● **What the exercise asks**:
Copy word for word, please, the lines of the entries below running from the one containing "#49=DIRECTION('',(-0.707106781186548,0.,-0.707106781186548));" to the one containing "#82=CARTESIAN_POINT('',(-3.,140.,-22.2426406871193));", both ends included.

** Data extract follows **

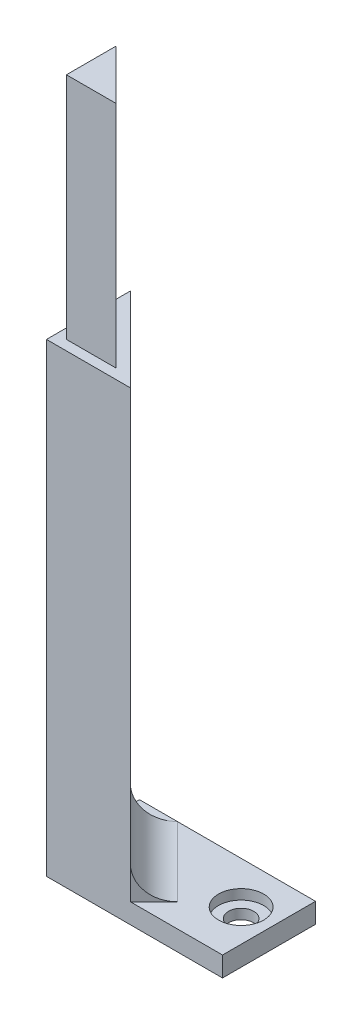
ISO-10303-21;
HEADER;
FILE_DESCRIPTION(('STEP AP214'),'2;1');
FILE_NAME('part.step','',(''),(''),'','','');
FILE_SCHEMA(('AUTOMOTIVE_DESIGN { 1 0 10303 214 1 1 1 1 }'));
ENDSEC;
DATA;
#1=APPLICATION_CONTEXT('core data for automotive mechanical design processes');
#2=APPLICATION_PROTOCOL_DEFINITION('international standard','automotive_design',2000,#1);
#3=PRODUCT_CONTEXT('',#1,'mechanical');
#4=PRODUCT('Part','Part','',(#3));
#5=PRODUCT_RELATED_PRODUCT_CATEGORY('part','',(#4));
#6=PRODUCT_DEFINITION_FORMATION('','',#4);
#7=PRODUCT_DEFINITION_CONTEXT('part definition',#1,'design');
#8=PRODUCT_DEFINITION('design','',#6,#7);
#9=PRODUCT_DEFINITION_SHAPE('','',#8);
#10=(LENGTH_UNIT() NAMED_UNIT(*) SI_UNIT(.MILLI.,.METRE.));
#11=(NAMED_UNIT(*) PLANE_ANGLE_UNIT() SI_UNIT($,.RADIAN.));
#12=(NAMED_UNIT(*) SI_UNIT($,.STERADIAN.) SOLID_ANGLE_UNIT());
#13=UNCERTAINTY_MEASURE_WITH_UNIT(LENGTH_MEASURE(1.E-05),#10,'distance_accuracy_value','');
#14=(GEOMETRIC_REPRESENTATION_CONTEXT(3) GLOBAL_UNCERTAINTY_ASSIGNED_CONTEXT((#13)) GLOBAL_UNIT_ASSIGNED_CONTEXT((#10,
#11,#12)) REPRESENTATION_CONTEXT('',''));
#15=CARTESIAN_POINT('',(0.,0.,0.));
#16=DIRECTION('',(0.,0.,1.));
#17=DIRECTION('',(1.,0.,0.));
#18=AXIS2_PLACEMENT_3D('',#15,#16,#17);
#19=CARTESIAN_POINT('',(40.3,6.,-12.3));
#20=DIRECTION('',(0.,-1.,0.));
#21=DIRECTION('',(0.,0.,-1.));
#22=AXIS2_PLACEMENT_3D('',#19,#20,#21);
#23=CYLINDRICAL_SURFACE('',#22,3.8);
#24=CARTESIAN_POINT('',(40.3,0.,-12.3));
#25=DIRECTION('',(0.,-1.,0.));
#26=DIRECTION('',(0.,0.,-1.));
#27=AXIS2_PLACEMENT_3D('',#24,#25,#26);
#28=CIRCLE('',#27,3.8);
#29=CARTESIAN_POINT('',(40.3,0.,-16.1));
#30=VERTEX_POINT('',#29);
#31=EDGE_CURVE('E164',#30,#30,#28,.T.);
#32=ORIENTED_EDGE('',*,*,#31,.T.);
#33=EDGE_LOOP('',(#32));
#34=FACE_BOUND('',#33,.T.);
#35=CARTESIAN_POINT('',(40.3,3.,-12.3));
#36=DIRECTION('',(0.,1.,0.));
#37=DIRECTION('',(0.,0.,1.));
#38=AXIS2_PLACEMENT_3D('',#35,#36,#37);
#39=CIRCLE('',#38,3.8);
#40=CARTESIAN_POINT('',(40.3,3.,-8.5));
#41=VERTEX_POINT('',#40);
#42=EDGE_CURVE('E44',#41,#41,#39,.F.);
#43=ORIENTED_EDGE('',*,*,#42,.F.);
#44=EDGE_LOOP('',(#43));
#45=FACE_BOUND('',#44,.T.);
#46=ADVANCED_FACE('F40',(#34,#45),#23,.F.);
#47=CARTESIAN_POINT('',(22.2426406871193,140.,3.));
#48=DIRECTION('',(0.707106781186547,0.,-0.707106781186547));
#49=DIRECTION('',(-0.707106781186548,0.,-0.707106781186548));
#50=AXIS2_PLACEMENT_3D('',#47,#48,#49);
#51=PLANE('',#50);
#52=DIRECTION('',(0.707106781186548,0.,0.707106781186547));
#53=VECTOR('',#52,1.);
#54=CARTESIAN_POINT('',(1.31370849898475,16.,-17.9289321881345));
#55=LINE('',#54,#53);
#56=CARTESIAN_POINT('',(1.31370849898476,16.,-17.9289321881345));
#57=VERTEX_POINT('',#56);
#58=CARTESIAN_POINT('',(22.2426406871193,16.,3.));
#59=VERTEX_POINT('',#58);
#60=EDGE_CURVE('E129',#57,#59,#55,.T.);
#61=ORIENTED_EDGE('',*,*,#60,.F.);
#62=DIRECTION('',(0.,-1.,0.));
#63=VECTOR('',#62,1.);
#64=CARTESIAN_POINT('',(1.31370849898475,16.,-17.9289321881345));
#65=LINE('',#64,#63);
#66=CARTESIAN_POINT('',(1.31370849898475,6.,-17.9289321881345));
#67=VERTEX_POINT('',#66);
#68=EDGE_CURVE('E158',#57,#67,#65,.T.);
#69=ORIENTED_EDGE('',*,*,#68,.T.);
#70=DIRECTION('',(0.707106781186548,0.,0.707106781186548));
#71=VECTOR('',#70,1.);
#72=CARTESIAN_POINT('',(9.62132034355964,6.,-9.62132034355964));
#73=LINE('',#72,#71);
#74=CARTESIAN_POINT('',(-3.,6.,-22.2426406871193));
#75=VERTEX_POINT('',#74);
#76=EDGE_CURVE('E172',#75,#67,#73,.T.);
#77=ORIENTED_EDGE('',*,*,#76,.F.);
#78=DIRECTION('',(0.,-1.,0.));
#79=VECTOR('',#78,1.);
#80=CARTESIAN_POINT('',(-3.,140.,-22.2426406871193));
#81=LINE('',#80,#79);
#82=CARTESIAN_POINT('',(-3.,140.,-22.2426406871193));
#83=VERTEX_POINT('',#82);
#84=EDGE_CURVE('E223',#83,#75,#81,.T.);
#85=ORIENTED_EDGE('',*,*,#84,.F.);
#86=DIRECTION('',(0.707106781186547,0.,0.707106781186547));
#87=VECTOR('',#86,1.);
#88=CARTESIAN_POINT('',(22.2426406871193,140.,3.));
#89=LINE('',#88,#87);
#90=CARTESIAN_POINT('',(22.2426406871193,140.,3.));
#91=VERTEX_POINT('',#90);
#92=EDGE_CURVE('E204',#83,#91,#89,.T.);
#93=ORIENTED_EDGE('',*,*,#92,.T.);
#94=DIRECTION('',(0.,-1.,0.));
#95=VECTOR('',#94,1.);
#96=CARTESIAN_POINT('',(22.2426406871193,140.,3.));
#97=LINE('',#96,#95);
#98=EDGE_CURVE('E217',#91,#59,#97,.T.);
#99=ORIENTED_EDGE('',*,*,#98,.T.);
#100=EDGE_LOOP('',(#61,#69,#77,#85,#93,#99));
#101=FACE_BOUND('',#100,.T.);
#102=ADVANCED_FACE('F286',(#101),#51,.T.);
#103=CARTESIAN_POINT('',(0.,6.,0.));
#104=DIRECTION('',(0.,-1.,0.));
#105=DIRECTION('',(0.,0.,-1.));
#106=AXIS2_PLACEMENT_3D('',#103,#104,#105);
#107=PLANE('',#106);
#108=CARTESIAN_POINT('',(40.3,6.,-12.3));
#109=DIRECTION('',(0.,1.,0.));
#110=DIRECTION('',(0.,0.,1.));
#111=AXIS2_PLACEMENT_3D('',#108,#109,#110);
#112=CIRCLE('',#111,6.80000000000001);
#113=CARTESIAN_POINT('',(40.3,6.,-5.5));
#114=VERTEX_POINT('',#113);
#115=EDGE_CURVE('E333',#114,#114,#112,.T.);
#116=ORIENTED_EDGE('',*,*,#115,.F.);
#117=EDGE_LOOP('',(#116));
#118=FACE_BOUND('',#117,.T.);
#119=DIRECTION('',(0.707106781186548,0.,-0.707106781186547));
#120=VECTOR('',#119,1.);
#121=CARTESIAN_POINT('',(22.2426406871193,6.,3.));
#122=LINE('',#121,#120);
#123=CARTESIAN_POINT('',(22.2426406871193,6.,3.));
#124=VERTEX_POINT('',#123);
#125=CARTESIAN_POINT('',(29.3137084989848,6.,-4.07106781186547));
#126=VERTEX_POINT('',#125);
#127=EDGE_CURVE('E139',#124,#126,#122,.T.);
#128=ORIENTED_EDGE('',*,*,#127,.F.);
#129=DIRECTION('',(1.,0.,0.));
#130=VECTOR('',#129,1.);
#131=CARTESIAN_POINT('',(0.,6.,3.));
#132=LINE('',#131,#130);
#133=CARTESIAN_POINT('',(50.,6.,3.));
#134=VERTEX_POINT('',#133);
#135=EDGE_CURVE('E168',#124,#134,#132,.T.);
#136=ORIENTED_EDGE('',*,*,#135,.T.);
#137=DIRECTION('',(0.,0.,-1.));
#138=VECTOR('',#137,1.);
#139=CARTESIAN_POINT('',(50.,6.,0.));
#140=LINE('',#139,#138);
#141=CARTESIAN_POINT('',(50.,6.,-25.));
#142=VERTEX_POINT('',#141);
#143=EDGE_CURVE('E165',#134,#142,#140,.T.);
#144=ORIENTED_EDGE('',*,*,#143,.T.);
#145=DIRECTION('',(1.,0.,0.));
#146=VECTOR('',#145,1.);
#147=CARTESIAN_POINT('',(0.,6.,-25.));
#148=LINE('',#147,#146);
#149=CARTESIAN_POINT('',(8.38477631085023,6.,-25.));
#150=VERTEX_POINT('',#149);
#151=EDGE_CURVE('E142',#150,#142,#148,.T.);
#152=ORIENTED_EDGE('',*,*,#151,.F.);
#153=DIRECTION('',(-0.707106781186548,0.,-0.707106781186547));
#154=VECTOR('',#153,1.);
#155=CARTESIAN_POINT('',(29.3137084989848,6.,-4.07106781186547));
#156=LINE('',#155,#154);
#157=EDGE_CURVE('E128',#126,#150,#156,.T.);
#158=ORIENTED_EDGE('',*,*,#157,.F.);
#159=EDGE_LOOP('',(#128,#136,#144,#152,#158));
#160=FACE_BOUND('',#159,.T.);
#161=ADVANCED_FACE('F138',(#118,#160),#107,.F.);
#162=DIRECTION('',(-0.707106781186547,0.,0.707106781186548));
#163=VECTOR('',#162,1.);
#164=CARTESIAN_POINT('',(8.38477631085023,6.,-25.));
#165=LINE('',#164,#163);
#166=EDGE_CURVE('E145',#150,#67,#165,.T.);
#167=ORIENTED_EDGE('',*,*,#166,.F.);
#168=CARTESIAN_POINT('',(-3.,6.,-25.));
#169=VERTEX_POINT('',#168);
#170=EDGE_CURVE('E179',#169,#150,#148,.T.);
#171=ORIENTED_EDGE('',*,*,#170,.F.);
#172=DIRECTION('',(0.,0.,-1.));
#173=VECTOR('',#172,1.);
#174=CARTESIAN_POINT('',(-3.,6.,0.));
#175=LINE('',#174,#173);
#176=EDGE_CURVE('E175',#75,#169,#175,.T.);
#177=ORIENTED_EDGE('',*,*,#176,.F.);
#178=ORIENTED_EDGE('',*,*,#76,.T.);
#179=EDGE_LOOP('',(#167,#171,#177,#178));
#180=FACE_BOUND('',#179,.T.);
#181=ADVANCED_FACE('F306',(#180),#107,.F.);
#182=CARTESIAN_POINT('',(0.,320.,0.));
#183=DIRECTION('',(0.,0.,-1.));
#184=DIRECTION('',(-1.,0.,0.));
#185=AXIS2_PLACEMENT_3D('',#182,#183,#184);
#186=PLANE('',#185);
#187=DIRECTION('',(0.,-1.,0.));
#188=VECTOR('',#187,1.);
#189=CARTESIAN_POINT('',(0.,320.,0.));
#190=LINE('',#189,#188);
#191=CARTESIAN_POINT('',(0.,209.,0.));
#192=VERTEX_POINT('',#191);
#193=CARTESIAN_POINT('',(0.,140.,0.));
#194=VERTEX_POINT('',#193);
#195=EDGE_CURVE('E248',#192,#194,#190,.T.);
#196=ORIENTED_EDGE('',*,*,#195,.T.);
#197=DIRECTION('',(1.,0.,0.));
#198=VECTOR('',#197,1.);
#199=CARTESIAN_POINT('',(0.,140.,0.));
#200=LINE('',#199,#198);
#201=CARTESIAN_POINT('',(15.,140.,0.));
#202=VERTEX_POINT('',#201);
#203=EDGE_CURVE('E65',#194,#202,#200,.T.);
#204=ORIENTED_EDGE('',*,*,#203,.T.);
#205=DIRECTION('',(0.,-1.,0.));
#206=VECTOR('',#205,1.);
#207=CARTESIAN_POINT('',(15.,320.,0.));
#208=LINE('',#207,#206);
#209=CARTESIAN_POINT('',(15.,209.,0.));
#210=VERTEX_POINT('',#209);
#211=EDGE_CURVE('E50',#210,#202,#208,.T.);
#212=ORIENTED_EDGE('',*,*,#211,.F.);
#213=DIRECTION('',(1.,0.,0.));
#214=VECTOR('',#213,1.);
#215=CARTESIAN_POINT('',(15.,209.,0.));
#216=LINE('',#215,#214);
#217=EDGE_CURVE('E238',#192,#210,#216,.T.);
#218=ORIENTED_EDGE('',*,*,#217,.F.);
#219=EDGE_LOOP('',(#196,#204,#212,#218));
#220=FACE_BOUND('',#219,.T.);
#221=ADVANCED_FACE('F42',(#220),#186,.F.);
#222=CARTESIAN_POINT('',(0.,320.,-15.));
#223=DIRECTION('',(-0.707106781186548,0.,0.707106781186548));
#224=DIRECTION('',(0.707106781186548,0.,0.707106781186548));
#225=AXIS2_PLACEMENT_3D('',#222,#223,#224);
#226=PLANE('',#225);
#227=ORIENTED_EDGE('',*,*,#211,.T.);
#228=DIRECTION('',(-0.707106781186548,0.,-0.707106781186548));
#229=VECTOR('',#228,1.);
#230=CARTESIAN_POINT('',(0.,140.,-15.));
#231=LINE('',#230,#229);
#232=CARTESIAN_POINT('',(0.,140.,-15.));
#233=VERTEX_POINT('',#232);
#234=EDGE_CURVE('E226',#202,#233,#231,.T.);
#235=ORIENTED_EDGE('',*,*,#234,.T.);
#236=DIRECTION('',(0.,-1.,0.));
#237=VECTOR('',#236,1.);
#238=CARTESIAN_POINT('',(0.,320.,-15.));
#239=LINE('',#238,#237);
#240=CARTESIAN_POINT('',(0.,209.,-15.));
#241=VERTEX_POINT('',#240);
#242=EDGE_CURVE('E252',#241,#233,#239,.T.);
#243=ORIENTED_EDGE('',*,*,#242,.F.);
#244=DIRECTION('',(0.707106781186548,0.,0.707106781186548));
#245=VECTOR('',#244,1.);
#246=CARTESIAN_POINT('',(0.,209.,-15.));
#247=LINE('',#246,#245);
#248=EDGE_CURVE('E244',#241,#210,#247,.T.);
#249=ORIENTED_EDGE('',*,*,#248,.T.);
#250=EDGE_LOOP('',(#227,#235,#243,#249));
#251=FACE_BOUND('',#250,.T.);
#252=ADVANCED_FACE('F260',(#251),#226,.F.);
#253=CARTESIAN_POINT('',(0.,320.,0.));
#254=DIRECTION('',(1.,0.,0.));
#255=DIRECTION('',(0.,0.,-1.));
#256=AXIS2_PLACEMENT_3D('',#253,#254,#255);
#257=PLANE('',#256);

** End of Data extract **

● **Expected answer**:
#49=DIRECTION('',(-0.707106781186548,0.,-0.707106781186548));
#50=AXIS2_PLACEMENT_3D('',#47,#48,#49);
#51=PLANE('',#50);
#52=DIRECTION('',(0.707106781186548,0.,0.707106781186547));
#53=VECTOR('',#52,1.);
#54=CARTESIAN_POINT('',(1.31370849898475,16.,-17.9289321881345));
#55=LINE('',#54,#53);
#56=CARTESIAN_POINT('',(1.31370849898476,16.,-17.9289321881345));
#57=VERTEX_POINT('',#56);
#58=CARTESIAN_POINT('',(22.2426406871193,16.,3.));
#59=VERTEX_POINT('',#58);
#60=EDGE_CURVE('E129',#57,#59,#55,.T.);
#61=ORIENTED_EDGE('',*,*,#60,.F.);
#62=DIRECTION('',(0.,-1.,0.));
#63=VECTOR('',#62,1.);
#64=CARTESIAN_POINT('',(1.31370849898475,16.,-17.9289321881345));
#65=LINE('',#64,#63);
#66=CARTESIAN_POINT('',(1.31370849898475,6.,-17.9289321881345));
#67=VERTEX_POINT('',#66);
#68=EDGE_CURVE('E158',#57,#67,#65,.T.);
#69=ORIENTED_EDGE('',*,*,#68,.T.);
#70=DIRECTION('',(0.707106781186548,0.,0.707106781186548));
#71=VECTOR('',#70,1.);
#72=CARTESIAN_POINT('',(9.62132034355964,6.,-9.62132034355964));
#73=LINE('',#72,#71);
#74=CARTESIAN_POINT('',(-3.,6.,-22.2426406871193));
#75=VERTEX_POINT('',#74);
#76=EDGE_CURVE('E172',#75,#67,#73,.T.);
#77=ORIENTED_EDGE('',*,*,#76,.F.);
#78=DIRECTION('',(0.,-1.,0.));
#79=VECTOR('',#78,1.);
#80=CARTESIAN_POINT('',(-3.,140.,-22.2426406871193));
#81=LINE('',#80,#79);
#82=CARTESIAN_POINT('',(-3.,140.,-22.2426406871193));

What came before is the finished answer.